===== SUPPLIED RECORDS

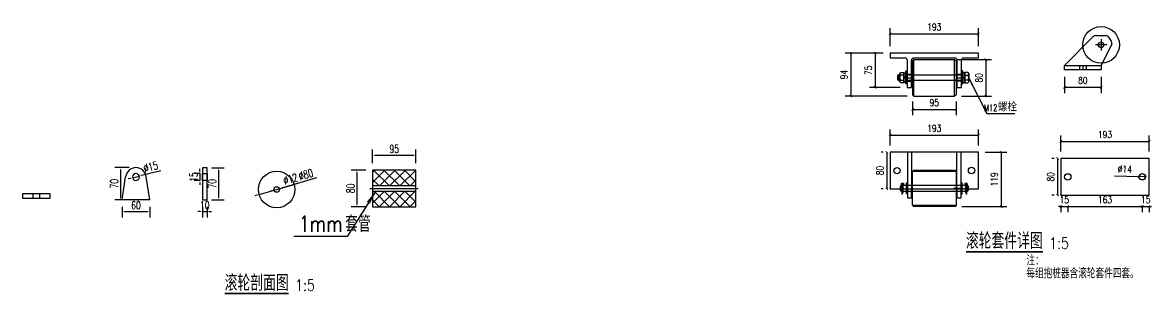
# Model space of a CAD drawing. Header units: millimetres. Extents: x -1471591 to 944464, y -468930 to 547002.
# Drawn here: x -867868 to -865399, y 29415 to 30010 of the extents above; entities that cross this region are included whole.
import ezdxf

# ---------------------------------------------------------------- set-up
doc = ezdxf.new("R2010")
doc.units = ezdxf.units.MM
doc.header["$LTSCALE"] = 10
doc.header["$PDMODE"] = 35
doc.linetypes.add('ACAD_ISO03W100', pattern=[30, 12, -18])
doc.linetypes.add('CENTER2', pattern=[28.575, 19.05, -3.175, 3.175, -3.175])
for name, color, linetype in [('00-HATCH(填充)', 250, 'Continuous'), ('DIM_LEAD', 3, 'Continuous'), ('DIM_SYMB', 3, 'Continuous'), ('PUB_DIM', 3, 'Continuous'), ('PUB_TEXT', 7, 'Continuous'), ('填充', 8, 'Continuous')]:
    doc.layers.add(name, color=color, linetype=linetype)
doc.styles.add('_TCH_DIM', font='SIMPLEX.shx', dxfattribs={"bigfont": 'hztxt.shx'})
doc.styles.add('DIM_FONT', font='SIMPLEX.shx', dxfattribs={"width": 0.8})
doc.styles.get("Standard").update_dxf_attribs({"font": 'simplex.shx', "width": 0.8, "bigfont": 'hztxt.shx'})
doc.styles.add('STANDARD_T3', font='simplex.shx', dxfattribs={"width": 0.7, "bigfont": 'hztxt.shx'})
doc.dimstyles.new('DIMN5', dxfattribs={"dimscale": 0.05, "dimtxt": 300, "dimasz": 100, "dimexe": 250, "dimexo": 300, "dimgap": 150, "dimtad": 1, "dimdec": 0, "dimzin": 0, "dimdsep": 46, "dimtxsty": 'DIM_FONT', "dimblk": 'ARCHTICK', "dimcen": 0.09, "dimclrt": 7, "dimazin": 0, "dimtfac": 1, "dimtdec": 0, "dimtix": 1, "dimtmove": 0, "dimatfit": 3, "dimldrblk": 'ARCHTICK', "dimfxl": 0, "dimtolj": 1, "dimtzin": 0, "dimarcsym": 0})
doc.dimstyles.new('W&&5', dxfattribs={"dimtxt": 17.5, "dimasz": 5, "dimexe": 12.5, "dimexo": 15, "dimgap": 5, "dimtad": 1, "dimdec": 0, "dimzin": 0, "dimdsep": 46, "dimtxsty": 'STANDARD_T3', "dimcen": 0.09, "dimclrd": 1, "dimclre": 1, "dimclrt": 7, "dimazin": 2, "dimtfac": 1, "dimtdec": 0, "dimtix": 1, "dimtmove": 2, "dimatfit": 3, "dimfxl": 0, "dimtolj": 1, "dimtzin": 0, "dimarcsym": 0})

# ---------------------------------------------------------------- blocks, each defined once
blk = doc.blocks.new('*D157')
at = {"color": 1, "lineweight": -2, "transparency": 16777216}
for p, q in [((-867103, 29701.8), (-867103, 29732)), ((-867008, 29701.8), (-867008, 29732)), ((-867098, 29719.5), (-867013, 29719.5))]:
    blk.add_line(p, q, dxfattribs=at)
at = {"color": 1, "transparency": 16777216}
for points in [[(-867098, 29720.4), (-867098, 29718.7), (-867103, 29719.5)], [(-867013, 29720.4), (-867013, 29718.7), (-867008, 29719.5)]]:
    blk.add_solid(points, dxfattribs=at)
at = {"layer": 'Defpoints', "color": 0, "transparency": 16777216}
for p in [(-867008, 29719.5), (-867103, 29686.8), (-867008, 29686.8)]:
    blk.add_point(p, dxfattribs=at)
at = {"color": 7, "transparency": 16777216, "insert": (-867055.5, 29733.3), "char_height": 17.5, "attachment_point": 5, "style": 'STANDARD_T3'}
blk.add_mtext('\\A1;95', dxfattribs=at)
blk = doc.blocks.new('*D158')
at = {"color": 1, "lineweight": -2, "transparency": 16777216}
for p, q in [((-867118, 29686.8), (-867149.8, 29686.8)), ((-867137.3, 29681.8), (-867137.3, 29611.8)), ((-867118, 29606.8), (-867149.8, 29606.8))]:
    blk.add_line(p, q, dxfattribs=at)
at = {"color": 1, "transparency": 16777216}
for points in [[(-867138.2, 29681.8), (-867136.5, 29681.8), (-867137.3, 29686.8)], [(-867138.2, 29611.8), (-867136.5, 29611.8), (-867137.3, 29606.8)]]:
    blk.add_solid(points, dxfattribs=at)
at = {"layer": 'Defpoints', "color": 0, "transparency": 16777216}
for p in [(-867103, 29686.8), (-867137.3, 29606.8), (-867103, 29606.8)]:
    blk.add_point(p, dxfattribs=at)
at = {"color": 7, "transparency": 16777216, "insert": (-867151.1, 29646.8), "char_height": 17.5, "attachment_point": 5, "rotation": 90, "style": 'STANDARD_T3'}
blk.add_mtext('\\A1;80', dxfattribs=at)
blk = doc.blocks.new('*D159')
at = {"color": 1, "lineweight": -2, "transparency": 16777216}
for p, q in [((-867225.3, 29669.7), (-867269.4, 29656.9)), ((-867355.9, 29631.9), (-867360.7, 29630.5)), ((-867351.1, 29633.3), (-867274.2, 29655.5))]:
    blk.add_line(p, q, dxfattribs=at)
at = {"color": 1, "transparency": 16777216}
for points in [[(-867269.7, 29657.7), (-867269.2, 29656.1), (-867274.2, 29655.5)], [(-867356.1, 29632.7), (-867355.6, 29631.1), (-867351.1, 29633.3)]]:
    blk.add_solid(points, dxfattribs=at)
at = {"layer": 'Defpoints', "color": 0, "transparency": 16777216}
for p in [(-867351.1, 29633.3), (-867274.2, 29655.5)]:
    blk.add_point(p, dxfattribs=at)
at = {"color": 7, "transparency": 16777216, "insert": (-867248.8, 29677.2), "char_height": 17.5, "attachment_point": 5, "rotation": 16.1522, "style": 'STANDARD_T3'}
blk.add_mtext('\\A1;∅80', dxfattribs=at)
blk = doc.blocks.new('*D160')
at = {"color": 1, "lineweight": -2, "transparency": 16777216}
for p, q in [((-867260.2, 29659.6), (-867302.1, 29647.5)), ((-867323.2, 29641.3), (-867328, 29639.9)), ((-867318.4, 29642.7), (-867306.9, 29646.1))]:
    blk.add_line(p, q, dxfattribs=at)
at = {"color": 1, "transparency": 16777216}
for points in [[(-867323.4, 29642.1), (-867323, 29640.5), (-867318.4, 29642.7)], [(-867302.3, 29648.3), (-867301.8, 29646.7), (-867306.9, 29646.1)]]:
    blk.add_solid(points, dxfattribs=at)
at = {"layer": 'Defpoints', "color": 0, "transparency": 16777216}
for p in [(-867318.4, 29642.7), (-867306.9, 29646.1)]:
    blk.add_point(p, dxfattribs=at)
at = {"color": 7, "transparency": 16777216, "insert": (-867282.6, 29667.4), "char_height": 17.5, "attachment_point": 5, "rotation": 16.1522, "style": 'STANDARD_T3'}
blk.add_mtext('\\A1;∅12', dxfattribs=at)
blk = doc.blocks.new('_ArchTick')
at = {"color": 0, "linetype": 'ByBlock', "const_width": 0.4}
blk.add_lwpolyline([(-0.5, -0.5), (0.5, 0.5)], dxfattribs=at)
blk = doc.blocks.new('*D839')
at = {"layer": 'Defpoints', "color": 0, "transparency": 16777216}
for p in [(-865589.3, 29906), (-865509.3, 29906), (-865509.3, 29868)]:
    blk.add_point(p, dxfattribs=at)
at = {"layer": 'PUB_DIM', "color": 0, "lineweight": -2, "transparency": 16777216}
for p, q in [((-865589.3, 29891), (-865589.3, 29855.5)), ((-865509.3, 29891), (-865509.3, 29855.5)), ((-865589.3, 29868), (-865509.3, 29868))]:
    blk.add_line(p, q, dxfattribs=at)
at = {"layer": 'PUB_DIM', "color": 0, "lineweight": -2, "transparency": 16777216, "xscale": 5, "yscale": 5, "zscale": 5, "rotation": 180}
blk.add_blockref('_ArchTick', (-865589.3, 29868), dxfattribs=at)
at = {"layer": 'PUB_DIM', "color": 0, "lineweight": -2, "transparency": 16777216, "xscale": 5, "yscale": 5, "zscale": 5}
blk.add_blockref('_ArchTick', (-865509.3, 29868), dxfattribs=at)
at = {"layer": 'PUB_DIM', "color": 7, "transparency": 16777216, "insert": (-865549.3, 29883), "char_height": 15, "attachment_point": 5, "style": 'DIM_FONT'}
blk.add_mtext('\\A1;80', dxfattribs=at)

==========

_AIM OF THE EXERCISE:_
Line count for the string "dimcen": please say how many lines in the entries above contain it, with no other words.

_ANSWER TO THE EXERCISE:_
2